Both the rank, r, and alpha, α, are hyperparameters. If the ratio is 0, we get the original model. If it is 1, we get a fully decomposed model (LoRa model). The ratio can also be more than 1 if you want to emphasize the fine-tuning weights. The scaling helps to stabilize other model hyperparameters, such as the learning rate.
To put it simply, think of the scaling factor as a way to fine-tune how much of the original model’s knowledge we keep and how much we adapt it for new tasks. Imagine you have a piece of clay that represents your pretrained model. Decomposing the matrices is like molding this clay into a new shape for a different purpose. The rank determines how much you break down the clay, while alpha controls how much of the original clay shape you maintain versus how much you alter it. If alpha is 0, you keep the original shape entirely. If alpha is 1, you fully reshape it. Adjusting these factors allows you to balance between the original model’s performance and the new task’s requirements, ensuring stable performance during training.
Optimal Rank
In the LoRA (Low-Rank Adaptation) paper, various experiments demonstrate that very low ranks can already deliver impressive performance. Increasing the rank does not improve performance significantly because the data may have a small intrinsic rank. This, however, depends on the dataset.
When considering optimal rank, ask yourself whether the foundation model has seen similar data to your fine-tuning dataset. If your fine-tuning data is significantly different, a higher rank might be required.
Advantages of Using Low Ranks
- Fewer Weights to Tune: Lower ranks mean there are fewer parameters that need adjustment, simplifying the tuning process.
- Reduced Training Time: With fewer weights, the training process becomes faster, allowing for quicker model iterations.
- Lower RAM Usage: The reduced number of weights decreases memory requirements, making it more efficient to train models on machines with limited RAM.
- Easy Weight Integration: Weights from rank decomposition can be seamlessly merged into the original model by simply adding them.
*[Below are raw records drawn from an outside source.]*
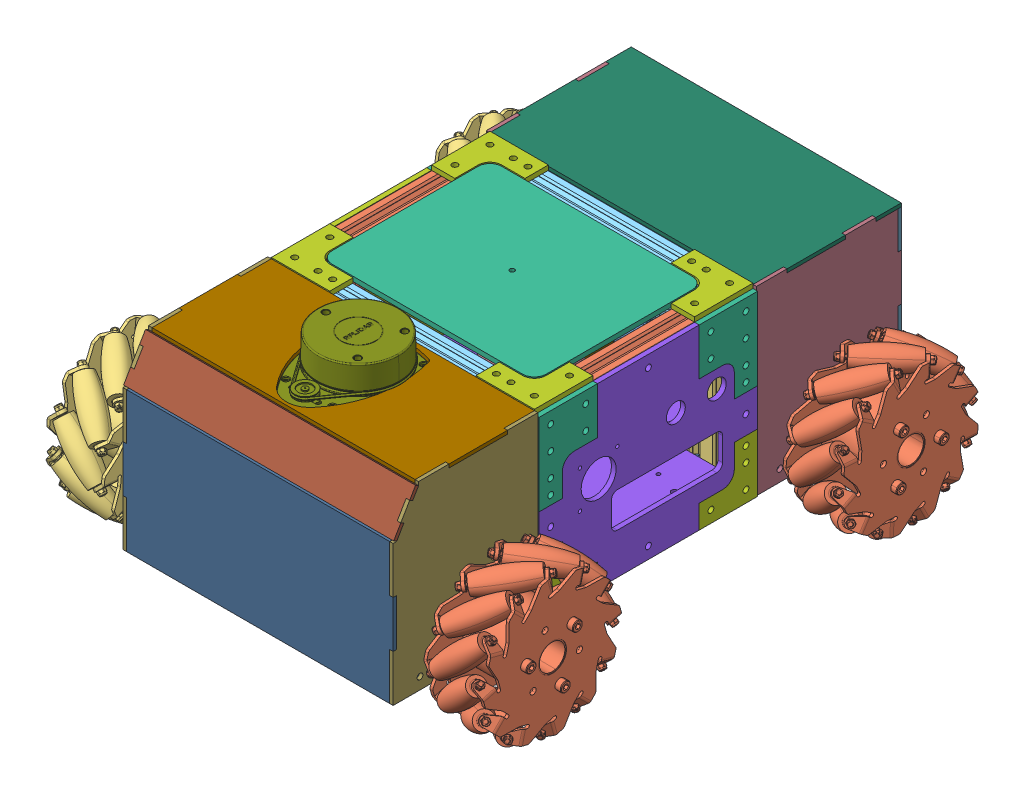
SolidWorks assembly Full assembly, configuration Default. Lengths in mm.
Overall size (385.7 231.43 493.49).
90 component instances, 33 part files, 42 mates.
Components (placement in the parent):
- Main Aluminum Chassis-1: Main Aluminum Chassis [Default] at (67.5984 -599.2977 -854.162) size (233 156 428.62)
  - bottom rod-1: bottom rod [Default] at (448.0592 609.2977 285.782) x (0 1 0) z (0 0 1) size (20 40 428.62)
  - bottom rod-2: bottom rod [Default] at (633.0592 609.2977 285.782) x (0 -1 0) z (0 0 1) size (20 40 428.62)
  - Top Rod-3: Top Rod [Default] at (643.0592 731.2977 164.972) size (20 40 187)
  - Top Rod-4: Top Rod [Default] at (438.0592 731.2977 164.972) size (20 40 187)
  - 147 mm.step-1: 147 mm.step [Default] at (448.0592 1619.2977 1154.972) x (0 0 1) z (0 -1 0) size (20 40 92)
  - 147 mm.step-2: 147 mm.step [Default] at (448.0592 1619.2977 987.972) x (0 0 -1) z (0 -1 0) size (20 40 92)
  - 147 mm.step-3: 147 mm.step [Default] at (633.0592 1619.2977 1154.972) x (0 0 1) z (0 -1 0) size (20 40 92)
  - 147 mm.step-4: 147 mm.step [Default] at (633.0592 -288.7023 987.972) x (0 0 1) z (0 1 0) size (20 40 92)
  - 300 mm rod.step-1: 300 mm rod.step [Default] at (-386.9408 609.2977 1144.972) x (0 -1 0) z (1 0 0) size (20 40 145)
  - 300 mm rod.step-2: 300 mm rod.step [Default] at (-386.9408 609.2977 997.972) x (0 1 0) z (1 0 0) size (20 40 145)
  - 320 mm rod.step-3: 320 mm rod.step [Default] at (-366.9408 731.2977 1154.972) x (0 0 -1) z (1 0 0) size (20 40 185)
  - 320 mm rod.step-4: 320 mm rod.step [Default] at (-366.9408 731.2977 987.972) x (0 0 -1) z (1 0 0) size (20 40 185)
  - aluminum support-3: aluminum support [Default] at (424.0592 721.2977 997.972) x (0 0 1) z (1 0 0) size (50 70 4)
  - aluminum support-4: aluminum support [Default] at (428.0592 721.2977 1144.972) x (0 0 -1) z (-1 0 0) size (50 70 4)
  - aluminum support-7: aluminum support [Default] at (657.0592 721.2977 1144.972) x (0 0 -1) z (-1 0 0) size (50 70 4)
  - aluminum support-8: aluminum support [Default] at (653.0592 721.2977 997.972) x (0 0 1) z (1 0 0) size (50 70 4)
  - aluminum support - 3-1: aluminum support - 3 [Default] at (424.0592 609.2977 1144.972) x (0 0 -1) z (1 0 0) size (50 50 4)
  - aluminum support - 3-2: aluminum support - 3 [Default] at (428.0592 609.2977 997.972) x (0 0 1) z (-1 0 0) size (50 50 4)
  - aluminum support - 3-4: aluminum support - 3 [Default] at (657.0592 609.2977 997.972) x (0 0 1) z (-1 0 0) size (50 50 4)
  - aluminum support - 3-5: aluminum support - 3 [Default] at (657.0592 619.2977 1154.972) x (0 1 0) z (-1 0 0) size (50 50 4)
  - aluminum support - 3-6: aluminum support - 3 [Default] at (438.0592 751.2977 997.972) x (0 0 1) z (0 1 0) size (50 50 4)
  - aluminum support - 3-7: aluminum support - 3 [Default] at (438.0592 755.2977 1144.972) x (0 0 -1) z (0 -1 0) size (50 50 4)
  - aluminum support - 3-8: aluminum support - 3 [Default] at (643.0592 755.2977 997.972) x (0 0 1) z (0 -1 0) size (50 50 4)
  - aluminum support - 3-9: aluminum support - 3 [Default] at (643.0592 751.2977 1144.972) x (0 0 -1) z (0 1 0) size (50 50 4)
- Base plate and body-1: Base plate and body [Default] at (447.923 -292.9651 -602.3042) size (385.7 226 477.05) (flexible)
  - Base Plate-1: Base Plate [Default] at (160.2346 317.9651 819.6142) x (1 0 0) z (0 -1 0) size (225 428.62 5)
  - Motor bracket-1: Motor bracket [Default] at (105.7346 317.9651 702.6142) x (0 0 -1) z (1 0 0) size (40 50 43)
  - Motor bracket-4: Motor bracket [Default] at (214.7346 317.9651 629.9942) x (0 0 1) z (-1 0 0) size (40 50 43)
  - planetary motor-1: planetary motor [Default] at (210.7346 347.9651 702.6142) x (0 1 0) z (0 0 1) size (38.5 150.5 38.49)
  - planetary motor-3: planetary motor [Default] at (109.7346 347.9651 629.9942) x (0 -0.707107 -0.707107) z (0 -0.707107 0.707107) size (38.5 150.5 38.49)
  - Pillow Block P08-3: Pillow Block P08 [Default] at (57.7346 332.9651 666.3042) x (0 0 1) z (-1 0 0) size (55 39.88 14.5)
  - Pillow Block P08-18: Pillow Block P08 [Default] at (262.7346 332.9651 666.3042) x (0 0 -1) z (1 0 0) size (55 39.88 14.5)
  - Pillow Block P08-5: Pillow Block P08 [Default] at (262.7346 332.9651 972.9242) x (0 0 -1) z (1 0 0) size (55 39.88 14.5)
  - planetary motor-4: planetary motor [Default] at (109.7346 347.9651 1009.2342) x (0 -0.707107 0.707107) z (0 0.707107 0.707107) size (38.5 150.5 38.49)
  - Motor bracket-3: Motor bracket [Default] at (214.7346 317.9651 1009.2342) x (0 0 1) z (-1 0 0) size (40 50 43)
  - wheel axe-4: wheel axe [Default] at (247.7846 332.9651 972.9242) x (0 0.812189 -0.583394) z (1 0 0) size (8 8 73)
  - wheel axe-1: wheel axe [Default] at (72.6846 332.9651 666.3042) x (0 -0.250872 -0.96802) z (-1 0 0) size (8 8 73)
  - wheel axe-2: wheel axe [Default] at (247.7846 332.9651 666.3042) x (0 -0.625718 0.780049) z (1 0 0) size (8 8 73)
  - wheel axe-8: wheel axe [Default] at (72.6846 332.9651 972.9242) x (0 -0.849321 0.527877) z (-1 0 0) size (8 8 73)
  - Motor bracket-8: Motor bracket [Default] at (105.7346 317.9651 936.6142) x (0 0 -1) z (1 0 0) size (40 50 43)
  - planetary motor-8: planetary motor [Default] at (210.7346 347.9651 936.6142) x (0 -0.707107 -0.707107) z (0 0.707107 -0.707107) size (38.5 150.5 38.49)
  - Pillow Block P08-9: Pillow Block P08 [Default] at (57.7346 332.9651 972.9242) x (0 0 1) z (-1 0 0) size (55 39.88 14.5)
  - MD13S-8: MD13S [Default] at (194.4964 317.9651 889.1442) x (-1 0 0) z (0 0 -1) size (60.96 12.27 33.02)
  - Pillow Block P08-16: Pillow Block P08 [Default] at (242.7346 332.9651 666.3042) x (0 0 1) z (-1 0 0) size (55 39.88 14.5)
  - Pillow Block P08-15: Pillow Block P08 [Default] at (77.7346 332.9651 666.3042) x (0 0 -1) z (1 0 0) size (55 39.88 14.5)
  - Pillow Block P08-14: Pillow Block P08 [Default] at (242.7346 332.9651 972.9242) x (0 0 1) z (-1 0 0) size (55 39.88 14.5)
  - Pillow Block P08-17: Pillow Block P08 [Default] at (77.7346 332.9651 972.9242) x (0 0 -1) z (1 0 0) size (55 39.88 14.5)
  - mid level plate-1: mid level plate [Default] at (160.2346 409.9651 964.1142) size (225 3 100)
  - 82mm spacer-3: 82mm spacer [Default] at (57.7346 317.9651 1004.1142) size (5.37 92 4.65)
  - 82mm spacer-2: 82mm spacer [Default] at (262.7346 317.9651 1004.1142) x (0.536786 0 -0.843719) z (0.843719 0 0.536786) size (5.37 92 4.65)
  - 82mm spacer-4: 82mm spacer [Default] at (262.7346 317.9651 924.1142) x (0.814654 0 -0.579948) z (0.579948 0 0.814654) size (5.37 92 4.65)
  - 82mm spacer-5: 82mm spacer [Default] at (57.7346 317.9651 924.1142) size (5.37 92 4.65)
  - RPLIDAR A1 DevKit.igs-1: RPLIDAR A1 DevKit.igs [Default] at (147.0194 421.8691 1020.526) x (-0.001508 0 0.999999) z (-0.999999 0 -0.001508) size (97.53 56.6 71.78)
  - GT2_20Teeth_Pully-1: GT2_20Teeth_Pully [Default] at (76.1346 347.9651 702.6142) x (0 0.998416 0.056263) z (0 -0.056263 0.998416) size (16 16 16)
  - GT2_20Teeth_Pully-2: GT2_20Teeth_Pully [Default] at (65.3346 332.9651 666.3042) x (0 0 -1) z (0 -1 0) size (16 16 16)
  - GT2_20Teeth_Pully-3: GT2_20Teeth_Pully [Default] at (255.1346 332.9651 666.3042) x (0 0.713065 -0.701097) z (0 0.701097 0.713065) size (16 16 16)
  - GT2_20Teeth_Pully-4: GT2_20Teeth_Pully [Default] at (244.3346 347.9651 629.9942) x (0 1 0) z (0 0 -1) size (16 16 16)
  - GT2_20Teeth_Pully-5: GT2_20Teeth_Pully [Default] at (76.1346 347.9651 936.6142) x (0 1 0) z (0 0 1) size (16 16 16)
  - GT2_20Teeth_Pully-6: GT2_20Teeth_Pully [Default] at (65.3346 332.9651 972.9242) x (0 0.950914 -0.309455) z (0 -0.309455 -0.950914) size (16 16 16)
  - GT2_20Teeth_Pully-7: GT2_20Teeth_Pully [Default] at (244.3346 347.9651 1009.2342) x (0 0.247004 -0.969014) z (0 -0.969014 -0.247004) size (16 16 16)
  - GT2_20Teeth_Pully-8: GT2_20Teeth_Pully [Default] at (255.1346 332.9651 972.9242) x (0 1 0) z (0 0 1) size (16 16 16)
  - 70mm spacer-8: 70mm spacer [Default] at (262.7346 317.9651 635.1142) size (5.37 60 4.65)
  - 70mm spacer-7: 70mm spacer [Default] at (262.7346 317.9651 715.1142) size (5.37 60 4.65)
  - 70mm spacer-10: 70mm spacer [Default] at (57.7346 317.9651 715.1142) size (5.37 60 4.65)
  - 70mm spacer-9: 70mm spacer [Default] at (57.7346 317.9651 635.1142) size (5.37 60 4.65)
  - mid level plate-2: mid level plate [Default] at (160.2346 377.9651 675.1142) size (225 3 100)
  - motor support-1: motor support [Default] at (148.2346 347.9651 1009.2342) x (0 0 -1) z (1 0 0) size (45 59.2 20)
  - motor support-2: motor support [Default] at (172.2346 347.9651 936.6142) x (0 0 1) z (-1 0 0) size (45 59.2 20)
  - motor support-3: motor support [Default] at (172.2346 347.9651 702.6142) x (0 0 1) z (-1 0 0) size (45 59.2 20)
  - motor support-4: motor support [Default] at (168.2346 347.9651 629.9942) x (0 0 1) z (-1 0 0) size (45 59.2 20)
  - Mecanum wheel 127mm L-1: Mecanum wheel 127mm L [Default] at (183.1488 350.9477 968.6567) x (0 0.968231 -0.250058) z (1 0 0) size (136.87 136.87 82.4)
  - Mecanum wheel 127mm L-2: Mecanum wheel 127mm L [Default] at (183.1488 342.8503 681.9205) x (0 0.551425 0.834225) z (1 0 0) size (136.87 136.87 82.4)
  - Mecanum wheel 127mm R-1: Mecanum wheel 127mm R [Default] at (137.8056 298.0555 930.8075) x (0 -0.579875 -0.814705) z (-1 0 0) size (132 132 82.4)
  - Mecanum wheel 127mm R-2: Mecanum wheel 127mm R [Default] at (137.8056 357.8029 715.0442) x (0 0.387362 0.921928) z (-1 0 0) size (132 132 82.4)
- Linear_actuator_2_inches-1: Linear_actuator_2_inches [Default] at (628.1601 25 236.995) x (-1 0 0) z (0 0 -1) size (183 131 145) (flexible)
  - linear_actuator_2inch_stroke-1: linear_actuator_2inch_stroke [Default] at (40.005 8.509 0) x (-1 0 0) z (0 1 0) size (40 75.27 111.27)
  - shaft_2inches-2: shaft_2inches [Default] at (0 47.2006 39.37) x (1 0 0) z (0 1 0) size (19.56 19.56 79.8)
  - lifting mechanism - top plate-1: lifting mechanism - top plate [Default] at (20.0025 126.999 19.685) x (0 0 -1) z (1 0 0) size (145 4 183)
- side plates - 1-1: side plates - 1 [Default] at (495.6576 66 217.31) x (0 0 1) z (-1 0 0) size (187 152 4)
- side plates-2: side plates [Default] at (720.6576 66 217.31) x (0 0 -1) z (1 0 0) size (187 152 4)
- skin front top-1: skin front top [Default] at (608.0003 152 360.3941) x (1 0 0) z (0 1 0) size (231 102 3.02)
- skin front-1: skin front [Default] at (608.1576 60 431.62) size (231 120 3)
- skin front top slide-1: skin front top slide [Default] at (609.1576 135.9708 422.2322) x (1 0 0) z (0 0.506749 0.862093) size (231 36.98 3)
- skin front side1-1: skin front side1 [Default] at (720.6576 76.044 371.18) x (0 0 -1) z (1 0 0) size (123.81 155 3)
- skin front side1-2: skin front side1 [Default] at (492.6576 76.044 371.18) x (0 0 -1) z (1 0 0) size (123.81 155 3)
- skin back side-3: skin back side [Default] at (723.6576 76.044 63.44) x (0 0 1) z (-1 0 0) size (123.81 155 3)
- skin back side-4: skin back side [Default] at (495.6576 76.044 63.44) x (0 0 1) z (-1 0 0) size (123.81 155 3)
- skin Back-1: skin Back [Default] at (608.1576 60 0) size (231 152 3)
- skin back top-1: skin back top [Default] at (608.0003 155 74.2259) x (1 0 0) z (0 -1 0) size (231 123.81 3)
Mates (geometry in assembly coordinates):
- Distance1: distance = 1 mm anti-aligned: plane of Main Aluminum Chassis-1/147 mm.step-1 through (535.6576 20 300.81) normal (1 0 0); plane of Base plate and body-1/Base Plate-1 through (536.6576 20 311.81) normal (-1 0 0)
- Distance2: distance = 1 mm anti-aligned: plane of Base plate and body-1/Base Plate-1 through (495.6576 20 289.81) normal (0 0 1); plane of Main Aluminum Chassis-1/147 mm.step-1 through (515.6576 20 290.81) normal (0 0 -1)
- Coincident3: coincident anti-aligned: plane of Main Aluminum Chassis-1/bottom rod-1 through (515.6576 20 431.62) normal (0 1 0); plane of Base plate and body-1/Base Plate-1 through (608.1576 20 217.31) normal (0 -1 0)
- Distance6: distance = 1 mm anti-aligned: plane of Linear_actuator_2_inches-1/lifting mechanism - top plate-1 through (699.6576 145.999 154.81) normal (1 0 0); plane of Main Aluminum Chassis-1/aluminum support - 3-9 through (700.6576 156 260.81) normal (-1 0 0)
- Distance7: distance = 1 mm anti-aligned: plane of Linear_actuator_2_inches-1/lifting mechanism - top plate-1 through (689.6576 145.999 144.81) normal (0 0 -1); plane of Main Aluminum Chassis-1/aluminum support - 3-8 through (670.6576 152 143.81) normal (0 0 1)
- Parallel6: parallel anti-aligned: plane of Main Aluminum Chassis-1/300 mm rod.step-1 through (680.6576 10 270.81) normal (0 0 -1); plane of Linear_actuator_2_inches-1/linear_actuator_2inch_stroke-1 through (588.1551 42.018 236.995) normal (0 0 1)
- Coincident12: coincident anti-aligned: plane of Base plate and body-1/Base Plate-1 through (608.1576 25 217.31) normal (0 1 0); plane of Linear_actuator_2_inches-1/linear_actuator_2inch_stroke-1 through (608.1576 25 181.9913) normal (0 -1 0)
- Coincident26: coincident anti-aligned: plane of Main Aluminum Chassis-1/bottom rod-1 through (495.6576 10 431.62) normal (-1 0 0); plane of side plates - 1-1 through (495.6576 30 153.81) normal (1 0 0)
- Coincident27: coincident anti-aligned: plane of Main Aluminum Chassis-1/aluminum support-3 through (495.6576 82 123.81) normal (0 -1 0); plane of side plates - 1-1 through (491.6576 82 143.81) normal (0 1 0)
- Coincident28: coincident aligned: plane of Main Aluminum Chassis-1/aluminum support-3 through (495.6576 152 123.81) normal (0 0 -1); plane of side plates - 1-1 through (491.6576 82 123.81) normal (0 0 -1)
- Coincident64: coincident aligned: plane of skin front top-1 through (492.6576 155 336.81) normal (-1 0 0); plane of skin front side1-2 through (492.6576 40 370.62) normal (-1 0 0)
- Coincident65: coincident anti-aligned: plane of skin front top-1 through (492.6576 155 386.81) normal (0 0 1); plane of skin front side1-2 through (495.6576 155 386.81) normal (0 0 -1)
- Coincident66: coincident aligned: plane of skin front top-1 through (608.0003 155 360.3941) normal (0 1 0); plane of skin front side1-2 through (495.6576 155 412.81) normal (0 1 0)
- Coincident67: coincident anti-aligned: plane of skin front top slide-1 through (609.1576 135.9708 422.2322) normal (0 -0.506749 -0.862093); plane of skin front side1-2 through (495.6576 152 412.81) normal (0 0.506749 0.862093)
- Coincident68: coincident aligned: plane of skin front top slide-1 through (492.6576 153.5202 415.3963) normal (-1 0 0); plane of skin front side1-2 through (492.6576 40 370.62) normal (-1 0 0)
- Coincident69: coincident anti-aligned: plane of skin front top slide-1 through (492.6576 131.9679 428.065) normal (0 0.862093 -0.506749); plane of skin front side1-2 through (495.6576 130.4477 425.4787) normal (0 -0.862093 0.506749)
- Coincident70: coincident anti-aligned: plane of skin front-1 through (608.1576 60 431.62) normal (0 0 -1); plane of skin front side1-2 through (495.6576 80 431.62) normal (0 0 1)
- Coincident71: coincident anti-aligned: plane of skin front-1 through (495.6576 80 434.62) normal (0 1 0); plane of skin front side1-2 through (495.6576 80 434.62) normal (0 -1 0)
- Coincident72: coincident aligned: plane of skin front-1 through (492.6576 80 434.62) normal (-1 0 0); plane of skin front side1-2 through (492.6576 40 370.62) normal (-1 0 0)
- Coincident73: coincident anti-aligned: plane of Main Aluminum Chassis-1/bottom rod-1 through (515.6576 10 431.62) normal (0 0 1); plane of skin front-1 through (608.1576 60 431.62) normal (0 0 -1)
- Coincident74: coincident aligned: plane of Main Aluminum Chassis-1/bottom rod-1 through (515.6576 0 431.62) normal (0 -1 0); plane of skin front-1 through (495.6576 0 434.62) normal (0 -1 0)
- Coincident75: coincident anti-aligned: plane of Main Aluminum Chassis-1/bottom rod-1 through (495.6576 10 431.62) normal (-1 0 0); plane of skin front side1-2 through (495.6576 40 370.62) normal (1 0 0)
- Coincident76: coincident aligned: plane of skin front top-1 through (723.6576 155 386.81) normal (1 0 0); plane of skin front side1-1 through (723.6576 40 370.62) normal (1 0 0)
- Coincident77: coincident aligned: plane of skin front-1 through (495.6576 0 434.62) normal (0 -1 0); plane of skin front side1-1 through (723.6576 0 386.5043) normal (0 -1 0)
- Coincident78: coincident aligned: plane of skin front-1 through (608.1576 60 434.62) normal (0 0 1); plane of skin front side1-1 through (723.6576 0 434.62) normal (0 0 1)
- Coincident79: coincident anti-aligned: plane of Main Aluminum Chassis-1/bottom rod-1 through (495.6576 10 431.62) normal (-1 0 0); plane of skin back side-4 through (495.6576 40 64) normal (1 0 0)
- Coincident81: coincident aligned: plane of Main Aluminum Chassis-1/bottom rod-1 through (515.6576 0 431.62) normal (0 -1 0); plane of skin back side-4 through (492.6576 0 48.1157) normal (0 -1 0)
- Coincident82: coincident anti-aligned: plane of Main Aluminum Chassis-1/bottom rod-2 through (720.6576 10 431.62) normal (1 0 0); plane of skin back side-3 through (720.6576 40 64) normal (-1 0 0)
- Coincident83: coincident aligned: plane of Main Aluminum Chassis-1/bottom rod-2 through (700.6576 0 431.62) normal (0 -1 0); plane of skin back side-3 through (720.6576 0 48.1157) normal (0 -1 0)
- Coincident84: coincident anti-aligned: plane of Main Aluminum Chassis-1/aluminum support-8 through (724.6576 152 123.81) normal (0 0 -1); plane of skin back side-3 through (720.6576 152 123.81) normal (0 0 1)
- Coincident85: coincident aligned: plane of Main Aluminum Chassis-1/bottom rod-1 through (515.6576 10 3) normal (0 0 -1); plane of skin back side-4 through (492.6576 80 3) normal (0 0 -1)
- Coincident86: coincident aligned: plane of skin back side-3 through (720.6576 120 0) normal (0 0 -1); plane of skin Back-1 through (608.1576 60 0) normal (0 0 -1)
- Coincident87: coincident aligned: plane of skin back side-3 through (723.6576 40 64) normal (1 0 0); plane of skin Back-1 through (723.6576 80 3) normal (1 0 0)
- Coincident88: coincident anti-aligned: plane of skin back side-3 through (720.6576 80 0) normal (0 -1 0); plane of skin Back-1 through (720.6576 80 3) normal (0 1 0)
- Coincident90: coincident anti-aligned: plane of skin back side-3 through (720.6576 152 97.81) normal (0 1 0); plane of skin back top-1 through (608.0003 152 74.2259) normal (0 -1 0)
- Coincident91: coincident anti-aligned: plane of skin back side-4 through (492.6576 155 97.81) normal (0 0 -1); plane of skin back top-1 through (495.6576 152 97.81) normal (0 0 1)
- Coincident92: coincident anti-aligned: plane of skin back side-4 through (495.6576 40 64) normal (1 0 0); plane of skin back top-1 through (495.6576 152 47.81) normal (-1 0 0)
- Coincident94: coincident anti-aligned: plane of Main Aluminum Chassis-1/Top Rod-3 through (720.6576 132 310.81) normal (1 0 0); plane of side plates-2 through (720.6576 30 280.81) normal (-1 0 0)
- Coincident95: coincident anti-aligned: plane of Main Aluminum Chassis-1/aluminum support-7 through (720.6576 152 260.81) normal (0 0 -1); plane of side plates-2 through (724.6576 152 260.81) normal (0 0 1)
- Coincident96: coincident aligned: plane of Main Aluminum Chassis-1/aluminum support - 3-5 through (720.6576 0 310.81) normal (0 -1 0); plane of side plates-2 through (724.6576 0 260.81) normal (0 -1 0)
- Coincident97: coincident anti-aligned: plane of Main Aluminum Chassis-1/300 mm rod.step-1 through (680.6576 0 290.81) normal (0 -1 0)
- Coincident98: coincident anti-aligned: plane of skin Back-1 through (608.1576 60 0) normal (0 0 -1)

- New Model Without Overhead: Unlike methods such as adapters, this approach allows you to create a new model without additional overhead.
Making It Intuitive
Imagine you are a chef fine-tuning a recipe. If your base recipe (foundation model) already includes similar ingredients (data), you don’t need to add much more (low rank). However, if your new recipe (fine-tuning data) is very different, you might need to add a lot of new ingredients (higher rank) to achieve the desired taste (performance). The key is to balance the amount of new ingredients while keeping the preparation (training) time and resources in check. This way, you can create a refined dish (model) efficiently, without overcomplicating the process.